The EEG tests by Purdon and his colleagues also revealed that fentanyl begins to impair breathing about 4 minutes before there is any change in alertness and at 1,700-times lower drug concentrations than those that cause sedation.
“This explains why fentanyl is so deadly: it stops people’s breathing before they even realize it,” says Purdon.
The findings make it clear that no amount of fentanyl would be safe outside of a clinical setting with trained specialists. As fentanyl exposure is likely to remain a persistent risk during illicit use, the rapid respiratory depression the researchers observed supports the need for increased availability of medical observation or supervision units, naloxone, and other tools to reduce the risk of death among individuals with substance use disorder.
Funding: This work is supported by funds from the National Institutes of Health through a National Institute on Drug Abuse grant.
Fentanyl (which can also be spelled fentanil) is a potent synthetic opioid similar to morphine but produces analgesia to a greater extent. This robust pharmacologic agent is typically 50 to 100 times more potent than morphine. A dose of only 100 micrograms can produce equivalent analgesia to approximately 10 mg of morphine. However, fentanyl exhibits vastly different properties and pharmacokinetics. Clinically, its most frequent use is as a sedative in intubated patients and in severe cases of pain in patients with renal failure due to its primarily hepatic elimination.
At times, clinicians may also use fentanyl to treat chronic pain patients who have developed tolerance to opiates. When used as a sedative, it is most commonly administered as a drip, owing to its versatility in titration scenarios. It may often require large doses when used as a sedative in patients with mechanical ventilation requirements. As pre-medication for procedures, namely those anticipated to cause discomfort, fentanyl is also an option perioperatively. Lastly, fentanyl use can extend to the treatment of epilepsy. That is, in combination with certain neuroleptic medications as part of therapeutic neuroleptanalgesia.
Indications for fentanyl are as follows:
Regional anesthesia adjunct
Postoperative pain control
Moderate to severe acute pain (off-label)
Fentanyl was first produced in 1960 and approved for use in the USA in 1968.

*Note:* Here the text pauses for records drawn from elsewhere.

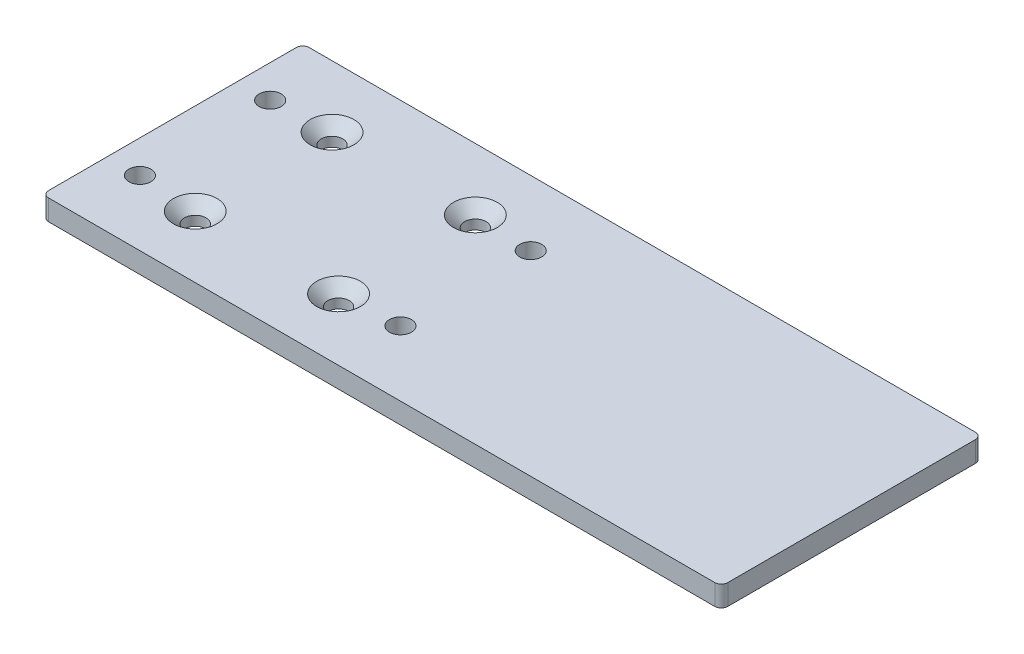
SolidWorks part; units mm, degrees
note: The reader was unsure of these and kept them because the rebuilt part matched: thickness of "Brida base1", "Chapa metálica1", "Chapa metálica2", "Chapa metálica3".
ref_plane "Alzado" through (0, 0, 0) normal (0, 0, 1) x (1, 0, 0)
ref_plane "Planta" through (0, 0, 0) normal (0, 1, 0) x (1, 0, 0)
ref_plane "Vista lateral" through (0, 0, 0) normal (1, 0, 0) x (0, 0, -1)
sketch "Croquis1" plane through (0, 0, 0) normal (0, 1, 0) x (1, 0, 0)
  line L1 (-149.7778, 34.4444) -> (58.7222, 34.4444)
  line L2 (-149.7778, 34.4444) -> (-149.7778, -45.5556)
  line L3 (-149.7778, -45.5556) -> (58.7222, -45.5556)
  line L4 (58.7222, 34.4444) -> (58.7222, -45.5556)
  dimension "120" = 208.5
  dimension "D2" = 80
base flange "Brida base1" sketch "Croquis1" thickness 6.35 reverse thickness direction no parameters "D1"=10
fillet "Redondeo1" radius 2 4 edges at (-149.7778, -3.175, -34.4444) (58.7222, -3.175, -34.4444) (58.7222, -3.175, 45.5556) (-149.7778, -3.175, 45.5556)
hole_wizard "Taladro de margen para 1/41" positions "Croquis7" profile "Croquis6" hole size "1/4" standard "Ansi Inch" end condition through all
sketch "Croquis7" plane through (0, 0, 0) normal (0, 1, 0) x (1, 0, 0)
  line L0 (-149.7778, 32.4444) -> (-149.7778, -43.5556) construction
  line L11 (-149.7778, -5.5556) -> (58.7222, -5.5556) construction
  line L12 (58.7222, -43.5556) -> (58.7222, 32.4444) construction
  point P2 (-139.7778, -25.5556)
  point P4 (-59.7778, -25.5556)
  point P66 (-139.7778, 14.4444)
  point P68 (-59.7778, 14.4444)
  dimension "D1" = 80
  dimension "D2" = 20
  dimension "D3" = 20
  dimension "15" = 10
sketch "Croquis6" plane through (-139.7778, 0, 25.5556) normal (1, 0, 0) x (0, 0, 1)
  line L0 (0, 0) -> (0, 6.35)
  line L1 (0, 6.35) -> (3.3782, 6.35)
  line L2 (3.3782, 6.35) -> (3.3782, 0)
  line L5 (3.3782, 0) -> (0, 0)
  line L11 (0, -6.35) -> (0, 107.95) construction
  dimension "Diámetro de taladro hasta el siguiente" = 6.7564
  dimension "Profundidad de taladro hasta el siguiente" = 6.35
sketch "Croquis8" plane through (0, 0, 0) normal (0, 1, 0) x (1, 0, 0)
  line L0 (-149.7778, -5.5556) -> (58.7222, -5.5556) construction
  line L1 (-149.7778, 32.4444) -> (-149.7778, -43.5556) construction
  line L2 (58.7222, -43.5556) -> (58.7222, 32.4444) construction
  line L3 (-45.5278, 34.4444) -> (-45.5278, -45.5556) construction
  line L4 (56.7222, 34.4444) -> (-147.7778, 34.4444) construction
  line L5 (-147.7778, -45.5556) -> (56.7222, -45.5556) construction
hole_wizard "Refrentado para tornillo tapón con cabeza plana de clavija de M61" positions "Croquis10" profile "Croquis9" countersink size "M6" standard "Ansi Metric" end condition through all
sketch "Croquis10" plane through (0, 0, 0) normal (0, 1, 0) x (1, 0, 0)
  line L1 (-149.7778, -5.5556) -> (58.7222, -5.5556) construction
  circle A0 centre (-139.7778, -25.5556) radius 3.3782 construction
  point P0 (-121.7778, 15.4444)
  point P2 (-77.7778, 15.4444)
  point P4 (-77.7778, -26.5556)
  point P6 (-121.7778, -26.5556)
  dimension "D3" = 18
  dimension "D1" = 42
  dimension "D2" = 44
  dimension "D4" = 21
sketch "Croquis9" plane through (-121.7778, 0, -15.4444) normal (1, 0, 0) x (0, 0, 1)
  line L0 (0, 0) -> (0, 6.35)
  line L1 (0, 6.35) -> (3.3, 6.35)
  line L2 (3.3, 6.35) -> (3.3, 3.42)
  line L3 (3.3, 3.42) -> (6.72, 0)
  line L5 (6.72, 0) -> (0, 0)
  line L6 (-3.3, 3.42) -> (-6.72, 0) construction
  line L11 (0, -6.35) -> (0, 107.95) construction
  dimension "Diámetro de taladro hasta el siguiente" = 6.6
  dimension "Profundidad de taladro hasta el siguiente" = 6.35
  dimension "Diámetro de avellanado cercano" = 13.44
  dimension "Ángulo de avellanado cercano" = 90
sketch "Líneas de pliegue1" [suppressed] plane through (0, 0, 0) normal (0, 1, 0) x (1, 0, 0)
sketch "Cuadro delimitador1" [suppressed] plane through (0, 0, 0) normal (0, 1, 0) x (1, 0, 0)
sheet metal parameters "Chapa metálica1" thickness 6.35 parameters "D1"=10, "D7"=3
flat pattern "Chapa desplegada1" [suppressed]
sketch "Líneas de pliegue2" plane through (0, 0, 0) normal (0, 1, 0) x (1, 0, 0)
sketch3d "Cuadro delimitador2" [suppressed]
  line L0 (-149.7778, -45.5554, 0) -> (110.2222, -45.5556, 0) construction
  line L1 (-149.7777, 34.4444, 0) -> (110.2223, 34.4443, 0) construction
  line L2 (-149.7778, -45.5554, 0) -> (-149.7777, 34.4444, 0) construction
  line L3 (110.2222, -45.5556, 0) -> (110.2223, 34.4443, 0) construction
sheet metal parameters "Chapa metálica2" thickness 6.35 parameters "D1"=10
flat pattern "Chapa desplegada1"
sketch "Líneas de pliegue2" plane through (0, 0, 0) normal (0, 1, 0) x (1, 0, 0)
sketch3d "Cuadro delimitador2" [suppressed]
  line L0 (-149.7778, -85.5554, 0) -> (110.2222, -85.5556, 0) construction
  line L1 (-149.7777, 34.4444, 0) -> (110.2223, 34.4443, 0) construction
  line L2 (-149.7778, -85.5554, 0) -> (-149.7777, 34.4444, 0) construction
  line L3 (110.2222, -85.5556, 0) -> (110.2223, 34.4443, 0) construction
sheet metal parameters "Chapa metálica3" thickness 6.35 parameters "D1"=10
flat pattern "Chapa desplegada1"
sketch "Líneas de pliegue2" plane through (0, 0, 0) normal (0, 1, 0) x (1, 0, 0)
sketch3d "Cuadro delimitador2" [suppressed]
  line L0 (-149.7778, -45.5554, 0) -> (58.7222, -45.5556, 0) construction
  line L1 (-149.7777, 34.4444, 0) -> (58.7223, 34.4443, 0) construction
  line L2 (-149.7778, -45.5554, 0) -> (-149.7777, 34.4444, 0) construction
  line L3 (58.7222, -45.5556, 0) -> (58.7223, 34.4443, 0) construction
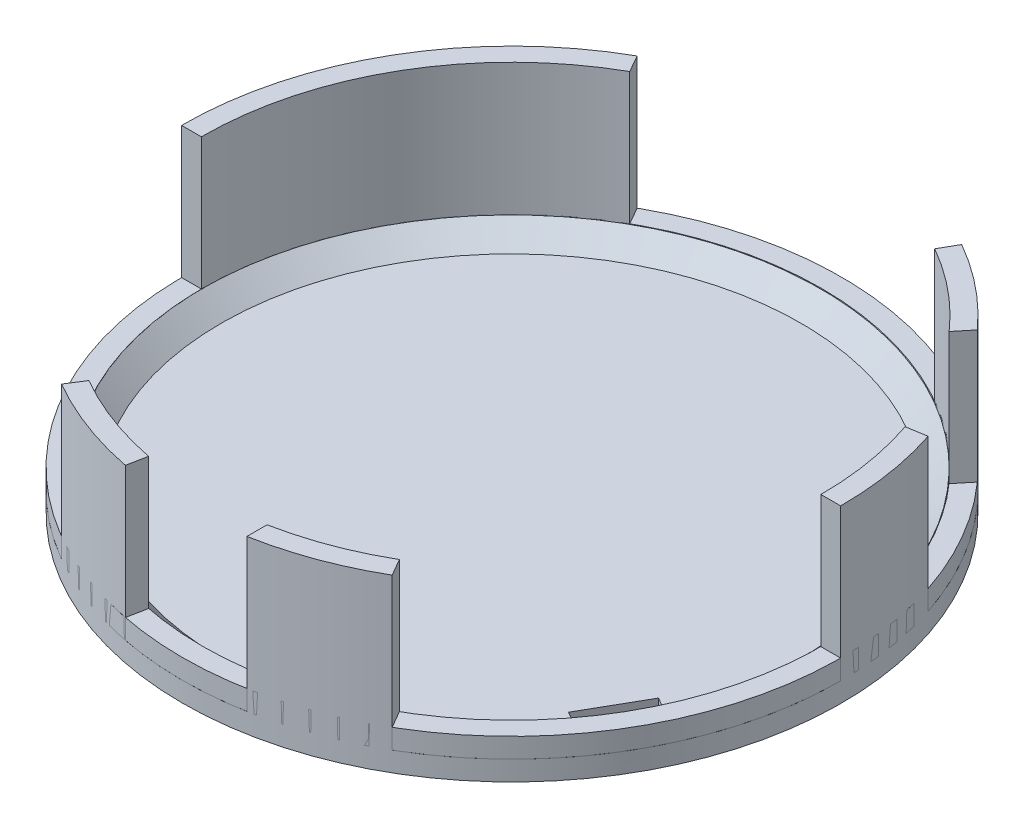
SolidWorks part; units mm, degrees
ref_plane "Front Plane" through (0, 0, 0) normal (0, 0, 1) x (1, 0, 0)
ref_plane "Top Plane" through (0, 0, 0) normal (0, 1, 0) x (1, 0, 0)
ref_plane "Right Plane" through (0, 0, 0) normal (1, 0, 0) x (0, 0, -1)
sketch "Sketch1" plane through (0, 0, 0) normal (0, 1, 0) x (1, 0, 0)
  circle A0 centre (0, 0) radius 25
extrude "Boss-Extrude1" add sketch "Sketch1" along normal blind 1.5
sketch "Sketch3" plane through (0, 1.5, 0) normal (0, 1, 0) x (1, 0, 0)
  line L0 (0, 0) -> (-16.5621, -18.7269)
  circle A0 centre (0, 0) radius 25 construction
  circle A1 centre (0, 0) radius 25
  circle A2 centre (0, 0) radius 23.5
extrude "Boss-Extrude2" add sketch "Sketch3" along normal blind 11.5 contours A2 A1 region at (-9.9796, 1.5, -22.1484)
sketch "Sketch4" plane through (0, 1.5, 0) normal (0, 1, 0) x (1, 0, 0)
  line L12 (12.5369, -21.6293) -> (11.7268, -20.2317)
  line L13 (-12.5582, -21.6169) -> (-11.692, -20.2518)
  line L14 (23.3845, -0.0671) -> (24.9999, -0.0671)
  line L15 (11.6192, 20.2937) -> (12.4219, 21.6955)
  line L16 (-11.4849, 20.37) -> (-12.2782, 21.7772)
  line L17 (-23.3845, -0.0671) -> (-24.9999, -0.0671)
  line L18 (4.4842, -24.5945) -> (4.4842, -22.9506)
  line L20 (-4.4866, -22.9501) -> (-4.7966, -24.5355)
  line L21 (22.1294, 7.5584) -> (23.7437, 7.8254)
  line L23 (17.5844, 15.4152) -> (18.6211, 16.681)
  circle A1 centre (0, 0) radius 23.3846
  circle A2 centre (0, 0) radius 25
  circle M13 centre (0, 0) radius 23.5
extrude "Cut-Extrude3" cut sketch "Sketch4" against normal blind 0.001 and the other way blind 15 contours L12 A2 L14 M13 | L20 A2 L18 M13 | L21 A2 L23 M13 | L15 A2 L16 M13 | L17 A2 L13 M13 region at (12.3796, 1.5, 20.8536) region at (-0.0856, 1.5, 24.1088) region at (-21.4316, 1.5, 12.3735) region at (20.8613, 1.5, -12.0676) region at (0.0818, 1.5, -24.7486)
sketch "Sketch5" plane through (0, 0, 0) normal (0, -1, 0) x (1, 0, 0)
  line L0 (0, 0) -> (18.8419, 10.7717)
  line L1 (12.6838, 21.5435) -> (25, 0)
  line L2 (18.8419, 10.7717) -> (21.7036, 12.4078)
  line L3 (18.8419, 10.7717) -> (17.6008, 12.9427)
  line L8 (17.6008, 12.9427) -> (18.4777, 13.444)
  line L9 (18.4777, 13.444) -> (20.9605, 9.1011)
  line L10 (20.9605, 9.1011) -> (19.2165, 8.1041)
  line L11 (19.2165, 8.1041) -> (16.7337, 12.447)
  line L12 (16.7337, 12.447) -> (17.6008, 12.9427)
  line L13 (55.1315, -18.0689) -> (16.7337, -26.7785)
  circle A0 centre (0, 0) radius 25 construction
extrude "Cut-Extrude4" cut sketch "Sketch5" against normal blind 5.001 contours L12 L11 L0 L1 | L9 L8 L1 L2 | L10 L9 L2 L1 | L11 L10 L1 L0 region at (17.7878, 0, 11.6094) region at (19.0292, 0, 9.4379) region at (19.9012, 0, 9.9364) region at (18.6598, 0, 12.1079)
sketch "Sketch8" plane through (0, 0, 0.0671) normal (0, 0, 1) x (1, 0, 0)
  line L0 (-23.4999, 1.5) -> (-23.4999, 3)
  line L1 (-23.4999, 1.5) -> (-23.4999, 13) construction
  line L2 (-23.4999, 1.5) -> (-21.9999, 1.5)
  line L3 (-23.4999, 3) -> (-21.9999, 1.5)
  line L4 (0, 0) -> (0, 7.9293)
revolve "Revolve4" add sketch "Sketch8" angle 360 about L4 region at (-22.9999, 2, 0.0671)
sketch "Sketch9" plane through (0, 1.5, 0) normal (0, 1, 0) x (1, 0, 0)
  circle A0 centre (0, 0) radius 23.5
  circle A1 centre (0, 0) radius 25
extrude "Boss-Extrude4" add sketch "Sketch9" along normal blind 1.5 separate body
sketch "Sketch10" plane through (0, 0, 0) normal (0, -1, 0) x (1, 0, 0)
  line L0 (19.2165, 8.1041) -> (20.9605, 9.1011)
  line L1 (20.9605, 9.1011) -> (18.4777, 13.444)
  line L2 (18.4777, 13.444) -> (20.9605, 9.1011) construction
  line L3 (18.4777, 13.444) -> (16.7337, 12.447)
  line L4 (16.7337, 12.447) -> (19.2165, 8.1041)
extrude "Cut-Extrude5" cut sketch "Sketch10" against normal blind 4.5
sketch "Sketch11" plane through (0, 3, 0) normal (0, 1, 0) x (1, 0, 0)
  line L0 (-23.5, 0) -> (-23.3276, -2.8414)
  line L1 (-23.3276, -2.8414) -> (-24.8274, -2.9324)
  line L2 (-24.8274, -2.9324) -> (-25, 0)
  circle A0 centre (0, 0) radius 23.5 construction
  circle A1 centre (0, 0) radius 25 construction
  circle A2 centre (0, 0) radius 25

Fentanyl is also a drug subject to diversion for misuse. Fentanyl can be added to heroin for increased potency or be distributed under the guise of highly potent heroin. When users think they are purchasing heroin and instead actually receive fentanyl, it can often result in overdose deaths. According to the CDC, many of these overdose deaths result from illegally manufactured fentanyl.
Mechanism of Action
Fentanyl is similar to other opioid drugs. Fentanyl molecules target a subclass of opioid receptor systems in the body, many of which are localized in the brain within specialized neuroanatomical structures, particularly involving the control of emotions, pain, and speaking to the point of its infamous addictive properties, reward. Biochemically, it is a Mu-selective opioid agonist. However, it has the capability to activate other opioid system receptors such as the delta and potentially the kappa-receptors. Consequently, the activation of these receptors, particularly the Mu-receptors, produces analgesia. Also, the neurotransmitter dopamine (Da) is increased in the reward areas of the brain, which elicits the stereotypical exhilaration and relaxation effects, and is typically associated with the addiction to the drug.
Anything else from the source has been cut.